Zu ernsten Situationen wie Kammerflimmern muss es also gar nicht erst kommen. Das System gibt vorher Alarm, meldet auch kleine Unregelmäßigkeiten. Dann kann der Arzt gezielt handeln, der Kurvenschreiber zeigt ihm das EKG, den Blutdruck und den Sauerstoffgehalt des Blutes.
Nebst dem angenehmeren Aufenthalt für den Kranken, der sich auf der ganzen Station bewegen, Besuch empfangen oder einen Becher Wasser holen kann, hat die Fernüberwachung auch medizinische Vorteile. Das Herz des "mobilen" Patienten schlägt normaler als im Krankenbett. Die Telemetrie hilft auch weiter, wenn sich Beschwerden genau bei der ärztlichen Untersuchung nicht zeigen. Die Herzdaten per Telemetrie werden kontinuierlich gespeichert.
Im Juni wurden die ersten Herzkranken "verkabelt". Bis Ende November wird das Krankenhaus über vier Überwachungssysteme und zwei Monitore verfügen. "Damit decken wir den Bedarf unserer Inneren Abteilung mit 110 Betten", stellt die Oberärztin fest. Der Wert der Neuerung liegt über 100 000 Euro. Ohne Spende bei der momentanen Kassenlage der Spitäler kaum denkbar. "Es ist eine wichtige Investition, aber auf der Prioritätenliste stehen andere Dinge weiter vorne", erklärt Jakob Englisch, Assistent der Geschäftsführung. Das Engagement der Sponsorin sei deshalb umso verdienstvoller.

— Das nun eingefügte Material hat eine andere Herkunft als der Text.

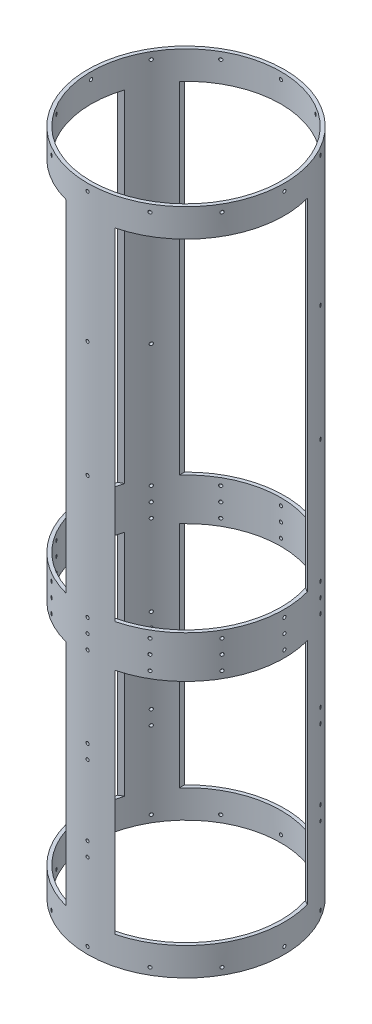
from build123d import *

# Parameters (mm, degrees)
SKETCH1_R                = 88.9
SKETCH1_R_2              = 85.725
BOSS_EXTRUDE1_DEPTH      = 301.625
CUT_EXTRUDE1_REACH       = 328.778
CUT_EXTRUDE1_END_RADIUS  = 88.9
SKETCH2_W                = 127
SKETCH2_H                = 206.502
SKETCH2_H_2              = 307.848
CIRPATTERN1_COUNT        = 3
SKETCH3_R                = 1.4351
CUT_EXTRUDE2_DEPTH       = 25.908
CIRPATTERN2_COUNT        = 12
MIRROR1_COPY_1_SKETCH_R  = 1.4351
MIRROR1_COPY_1_DEPTH     = 25.908
MIRROR1_COPY_2_SKETCH_R  = 1.4351
MIRROR1_COPY_2_DEPTH     = 25.908
MIRROR1_COPY_3_SKETCH_R  = 1.4351
MIRROR1_COPY_3_DEPTH     = 25.908
MIRROR1_COPY_4_SKETCH_R  = 1.4351
MIRROR1_COPY_4_DEPTH     = 25.908
MIRROR1_COPY_5_SKETCH_R  = 1.4351
MIRROR1_COPY_5_DEPTH     = 25.908
MIRROR1_COPY_6_SKETCH_R  = 1.4351
MIRROR1_COPY_6_DEPTH     = 25.908
MIRROR1_COPY_7_SKETCH_R  = 1.4351
MIRROR1_COPY_7_DEPTH     = 25.908
MIRROR1_COPY_8_SKETCH_R  = 1.4351
MIRROR1_COPY_8_DEPTH     = 25.908
MIRROR1_COPY_9_SKETCH_R  = 1.4351
MIRROR1_COPY_9_DEPTH     = 25.908
MIRROR1_COPY_10_SKETCH_R = 1.4351
MIRROR1_COPY_10_DEPTH    = 25.908
MIRROR1_COPY_11_SKETCH_R = 1.4351
MIRROR1_COPY_11_DEPTH    = 25.908
MIRROR1_COPY_12_SKETCH_R = 1.4351
MIRROR1_COPY_12_DEPTH    = 25.908
SKETCH4_R                = 1.4351
CUT_EXTRUDE3_DEPTH       = 34.798
CIRPATTERN3_COUNT        = 3
SKETCH5_R                = 1.4351
CUT_EXTRUDE4_DEPTH       = 87.63
CIRPATTERN4_COUNT        = 12


with BuildPart() as part:
    # Sketch1 → Boss-Extrude1 (new, symmetric)
    with BuildSketch(Plane(origin=(0, 0, 0), x_dir=(1, 0, 0), z_dir=(0, 1, 0))):
        Circle(SKETCH1_R)
        Circle(SKETCH1_R_2, mode=Mode.SUBTRACT)
    extrude(amount=BOSS_EXTRUDE1_DEPTH, both=True)

    # Cut-Extrude1: up to this cylinder (the profile starts inside it)
    cut_extrude1_end = Plane(origin=(0, -25.3365, 0), z_dir=(0, -1, 0)) * Cylinder(CUT_EXTRUDE1_END_RADIUS, 1131.631, mode=Mode.PRIVATE)
    # Sketch2 → Cut-Extrude1 (cut, up to the surface)
    with BuildSketch(Plane.XY, mode=Mode.PRIVATE) as cut_extrude1_sk1:
        with Locations((0, -172.974)):
            Rectangle(SKETCH2_W, SKETCH2_H)
    cut_extrude1_tool1 = extrude(cut_extrude1_sk1.sketch, amount=-CUT_EXTRUDE1_REACH, mode=Mode.PRIVATE) & cut_extrude1_end
    # Sketch2 → Cut-Extrude1 (cut, up to the surface)
    with BuildSketch(Plane.XY, mode=Mode.PRIVATE) as cut_extrude1_sk2:
        with Locations((0, 122.301)):
            Rectangle(SKETCH2_W, SKETCH2_H_2)
    cut_extrude1_tool2 = extrude(cut_extrude1_sk2.sketch, amount=-CUT_EXTRUDE1_REACH, mode=Mode.PRIVATE) & cut_extrude1_end
    cut_extrude1 = cut_extrude1_tool1.solids().sort_by_distance((0, -172.974, 0))[0] + cut_extrude1_tool2.solids().sort_by_distance((0, 122.301, 0))[0]
    add(cut_extrude1, mode=Mode.SUBTRACT)

    # CirPattern1: Cut-Extrude1 ×3 about axis
    cirpattern1_axis = Axis((0, 301.625, 0), (0, -1, 0))
    for i in range(1, CIRPATTERN1_COUNT):
        add(cut_extrude1.rotate(cirpattern1_axis, i * 360 / CIRPATTERN1_COUNT), mode=Mode.SUBTRACT)

    # Sketch3 → Cut-Extrude2 (cut)
    with BuildSketch(Plane.XY.offset(88.9)):
        with Locations((0, 295.275)):
            Circle(SKETCH3_R)
    cut_extrude2 = extrude(amount=-CUT_EXTRUDE2_DEPTH, mode=Mode.SUBTRACT)

    # CirPattern2: Cut-Extrude2 ×12 about axis
    cirpattern2_axis = Axis((0, 301.625, 0), (0, -1, 0))
    for i in range(1, CIRPATTERN2_COUNT):
        add(cut_extrude2.rotate(cirpattern2_axis, i * 360 / CIRPATTERN2_COUNT), mode=Mode.SUBTRACT)

    # Mirror1 copy 1 sketch → Mirror1 copy 1 (cut)
    with BuildSketch(Plane(origin=(-44.45, 0, 76.989658396), x_dir=(0.8660254037844387, 0, 0.49999999999999994), z_dir=(-0.49999999999999994, 0, 0.8660254037844387))):
        with Locations((0, -295.275)):
            Circle(MIRROR1_COPY_1_SKETCH_R)
    extrude(amount=-MIRROR1_COPY_1_DEPTH, mode=Mode.SUBTRACT)

    # Mirror1 copy 2 sketch → Mirror1 copy 2 (cut)
    with BuildSketch(Plane(origin=(-76.989658396, 0, 44.45), x_dir=(0.5000000000000001, 0, 0.8660254037844386), z_dir=(-0.8660254037844386, 0, 0.5000000000000001))):
        with Locations((0, -295.275)):
            Circle(MIRROR1_COPY_2_SKETCH_R)
    extrude(amount=-MIRROR1_COPY_2_DEPTH, mode=Mode.SUBTRACT)

    # Mirror1 copy 3 sketch → Mirror1 copy 3 (cut)
    with BuildSketch(Plane.ZY.offset(88.9)):
        with Locations((0, -295.275)):
            Circle(MIRROR1_COPY_3_SKETCH_R)
    extrude(amount=-MIRROR1_COPY_3_DEPTH, mode=Mode.SUBTRACT)

    # Mirror1 copy 4 sketch → Mirror1 copy 4 (cut)
    with BuildSketch(Plane(origin=(-76.989658396, 0, -44.45), x_dir=(-0.4999999999999998, 0, 0.8660254037844387), z_dir=(-0.8660254037844387, 0, -0.4999999999999998))):
        with Locations((0, -295.275)):
            Circle(MIRROR1_COPY_4_SKETCH_R)
    extrude(amount=-MIRROR1_COPY_4_DEPTH, mode=Mode.SUBTRACT)

    # Mirror1 copy 5 sketch → Mirror1 copy 5 (cut)
    with BuildSketch(Plane(origin=(-44.45, 0, -76.989658396), x_dir=(-0.8660254037844387, 0, 0.49999999999999994), z_dir=(-0.49999999999999994, 0, -0.8660254037844387))):
        with Locations((0, -295.275)):
            Circle(MIRROR1_COPY_5_SKETCH_R)
    extrude(amount=-MIRROR1_COPY_5_DEPTH, mode=Mode.SUBTRACT)

    # Mirror1 copy 6 sketch → Mirror1 copy 6 (cut)
    with BuildSketch(Plane(origin=(0, 0, -88.9), x_dir=(-1, 0, 0), z_dir=(0, 0, -1))):
        with Locations((0, -295.275)):
            Circle(MIRROR1_COPY_6_SKETCH_R)
    extrude(amount=-MIRROR1_COPY_6_DEPTH, mode=Mode.SUBTRACT)

    # Mirror1 copy 7 sketch → Mirror1 copy 7 (cut)
    with BuildSketch(Plane(origin=(44.45, 0, -76.989658396), x_dir=(-0.8660254037844386, 0, -0.5000000000000001), z_dir=(0.5000000000000001, 0, -0.8660254037844386))):
        with Locations((0, -295.275)):
            Circle(MIRROR1_COPY_7_SKETCH_R)
    extrude(amount=-MIRROR1_COPY_7_DEPTH, mode=Mode.SUBTRACT)

    # Mirror1 copy 8 sketch → Mirror1 copy 8 (cut)
    with BuildSketch(Plane(origin=(76.989658396, 0, -44.45), x_dir=(-0.5000000000000004, 0, -0.8660254037844384), z_dir=(0.8660254037844384, 0, -0.5000000000000004))):
        with Locations((0, -295.275)):
            Circle(MIRROR1_COPY_8_SKETCH_R)
    extrude(amount=-MIRROR1_COPY_8_DEPTH, mode=Mode.SUBTRACT)

    # Mirror1 copy 9 sketch → Mirror1 copy 9 (cut)
    with BuildSketch(Plane(origin=(88.9, 0, 0), x_dir=(0, 0, -1), z_dir=(1, 0, 0))):
        with Locations((0, -295.275)):
            Circle(MIRROR1_COPY_9_SKETCH_R)
    extrude(amount=-MIRROR1_COPY_9_DEPTH, mode=Mode.SUBTRACT)

    # Mirror1 copy 10 sketch → Mirror1 copy 10 (cut)
    with BuildSketch(Plane(origin=(76.989658396, 0, 44.45), x_dir=(0.5000000000000001, 0, -0.8660254037844386), z_dir=(0.8660254037844386, 0, 0.5000000000000001))):
        with Locations((0, -295.275)):
            Circle(MIRROR1_COPY_10_SKETCH_R)
    extrude(amount=-MIRROR1_COPY_10_DEPTH, mode=Mode.SUBTRACT)

    # Mirror1 copy 11 sketch → Mirror1 copy 11 (cut)
    with BuildSketch(Plane(origin=(44.45, 0, 76.989658396), x_dir=(0.8660254037844384, 0, -0.5000000000000004), z_dir=(0.5000000000000004, 0, 0.8660254037844384))):
        with Locations((0, -295.275)):
            Circle(MIRROR1_COPY_11_SKETCH_R)
    extrude(amount=-MIRROR1_COPY_11_DEPTH, mode=Mode.SUBTRACT)

    # Mirror1 copy 12 sketch → Mirror1 copy 12 (cut)
    with BuildSketch(Plane.XY.offset(88.9)):
        with Locations((0, -295.275)):
            Circle(MIRROR1_COPY_12_SKETCH_R)
    extrude(amount=-MIRROR1_COPY_12_DEPTH, mode=Mode.SUBTRACT)

    # Sketch4 → Cut-Extrude3 (cut)
    with BuildSketch(Plane.XY.offset(88.9)):
        with Locations((0, -225.425)):
            Circle(SKETCH4_R)
        with Locations((0, -212.725)):
            Circle(SKETCH4_R)
        with Locations((0, -149.225)):
            Circle(SKETCH4_R)
        with Locations((0, -136.525)):
            Circle(SKETCH4_R)
    cut_extrude3 = extrude(amount=-CUT_EXTRUDE3_DEPTH, mode=Mode.SUBTRACT)

    # CirPattern3: Cut-Extrude3 ×3 about axis
    cirpattern3_axis = Axis((0, 301.625, 0), (0, -1, 0))
    for i in range(1, CIRPATTERN3_COUNT):
        add(cut_extrude3.rotate(cirpattern3_axis, i * 360 / CIRPATTERN3_COUNT), mode=Mode.SUBTRACT)

    # Sketch5 → Cut-Extrude4 (cut)
    with BuildSketch(Plane.XY.offset(88.9)):
        with Locations((0, -50.673)):
            Circle(SKETCH5_R)
        with Locations((0, 73.025)):
            Circle(SKETCH5_R)
        with Locations((0, 177.927)):
            Circle(SKETCH5_R)
        with Locations((0, -37.973)):
            Circle(SKETCH5_R)
        with Locations((0, -63.373)):
            Circle(SKETCH5_R)
    cut_extrude4 = extrude(amount=-CUT_EXTRUDE4_DEPTH, mode=Mode.SUBTRACT)

    # CirPattern4: Cut-Extrude4 ×12 about axis
    cirpattern4_axis = Axis((0, 301.625, 0), (0, -1, 0))
    for i in range(1, CIRPATTERN4_COUNT):
        add(cut_extrude4.rotate(cirpattern4_axis, i * 360 / CIRPATTERN4_COUNT), mode=Mode.SUBTRACT)


solid = part.part

Die Herzüberwachung für stationäre Patienten sei nur eine von vielen Schritten zur einer besseren Patientenversorgung, betont die Projektleiterin, auch in Zusammenarbeit mit der Freiburger Uni-Klinik. Die Ärztin betrachtet es als Aufgabe, auch im kleineren Krankenhaus gute Qualität und medizinischen Fortschritt zu bieten und "nicht alles nach Freiburg zu schicken".
Seit drei Jahren funktioniert für ambulante Herzpatienten das "Home Monotoring". (Wir berichteten damals.) Menschem mit Herzschrittmacher oder Defibrillator (eingebautes Gerät zur Wiederbelebung) sind wieder voll mobil, sogar in fernen Kontinenten. Ihre Herzdaten werden dank Telekardiologie dem behandelnden Arzt übermittelt.
Momentan hängen in Waldshut 19 Patienten an diesem System der Fernüberwachung. Die dreijährige Erfahrung zeige, dass sich bei besserer Lebensqualität für die Patienten auch Kosten senken ließen. Die Patienten müssen weniger ins Spital. Die Kostenseite wird umso wichtiger, weil Herz- und Kreislaufkrankheiten in einer älter werdenden Gesellschaft immer zahlreicher werden.
Presseartikel, Alb-Bote, 17.10.2008
Neue schmerzarme Operationsmethode bei Hämorrhoiden
Gute Nachricht für Patienten
Ein schmerzhaftes Leiden - für viele Patienten auch ein peinliches - verliert seinen Schrecken: Hämorrhoiden und Co. werden im Waldshuter Krankenhaus jetzt sanft und schmerzhaft operiert. Ein neues Gerät im anerkannten Kompetenzzentrum für Enddarmerkrankungen macht es möglich. Für die Betroffenen bedeutet die moderne Medizintechnik nur noch einen kurzen Spitalaufenthalt.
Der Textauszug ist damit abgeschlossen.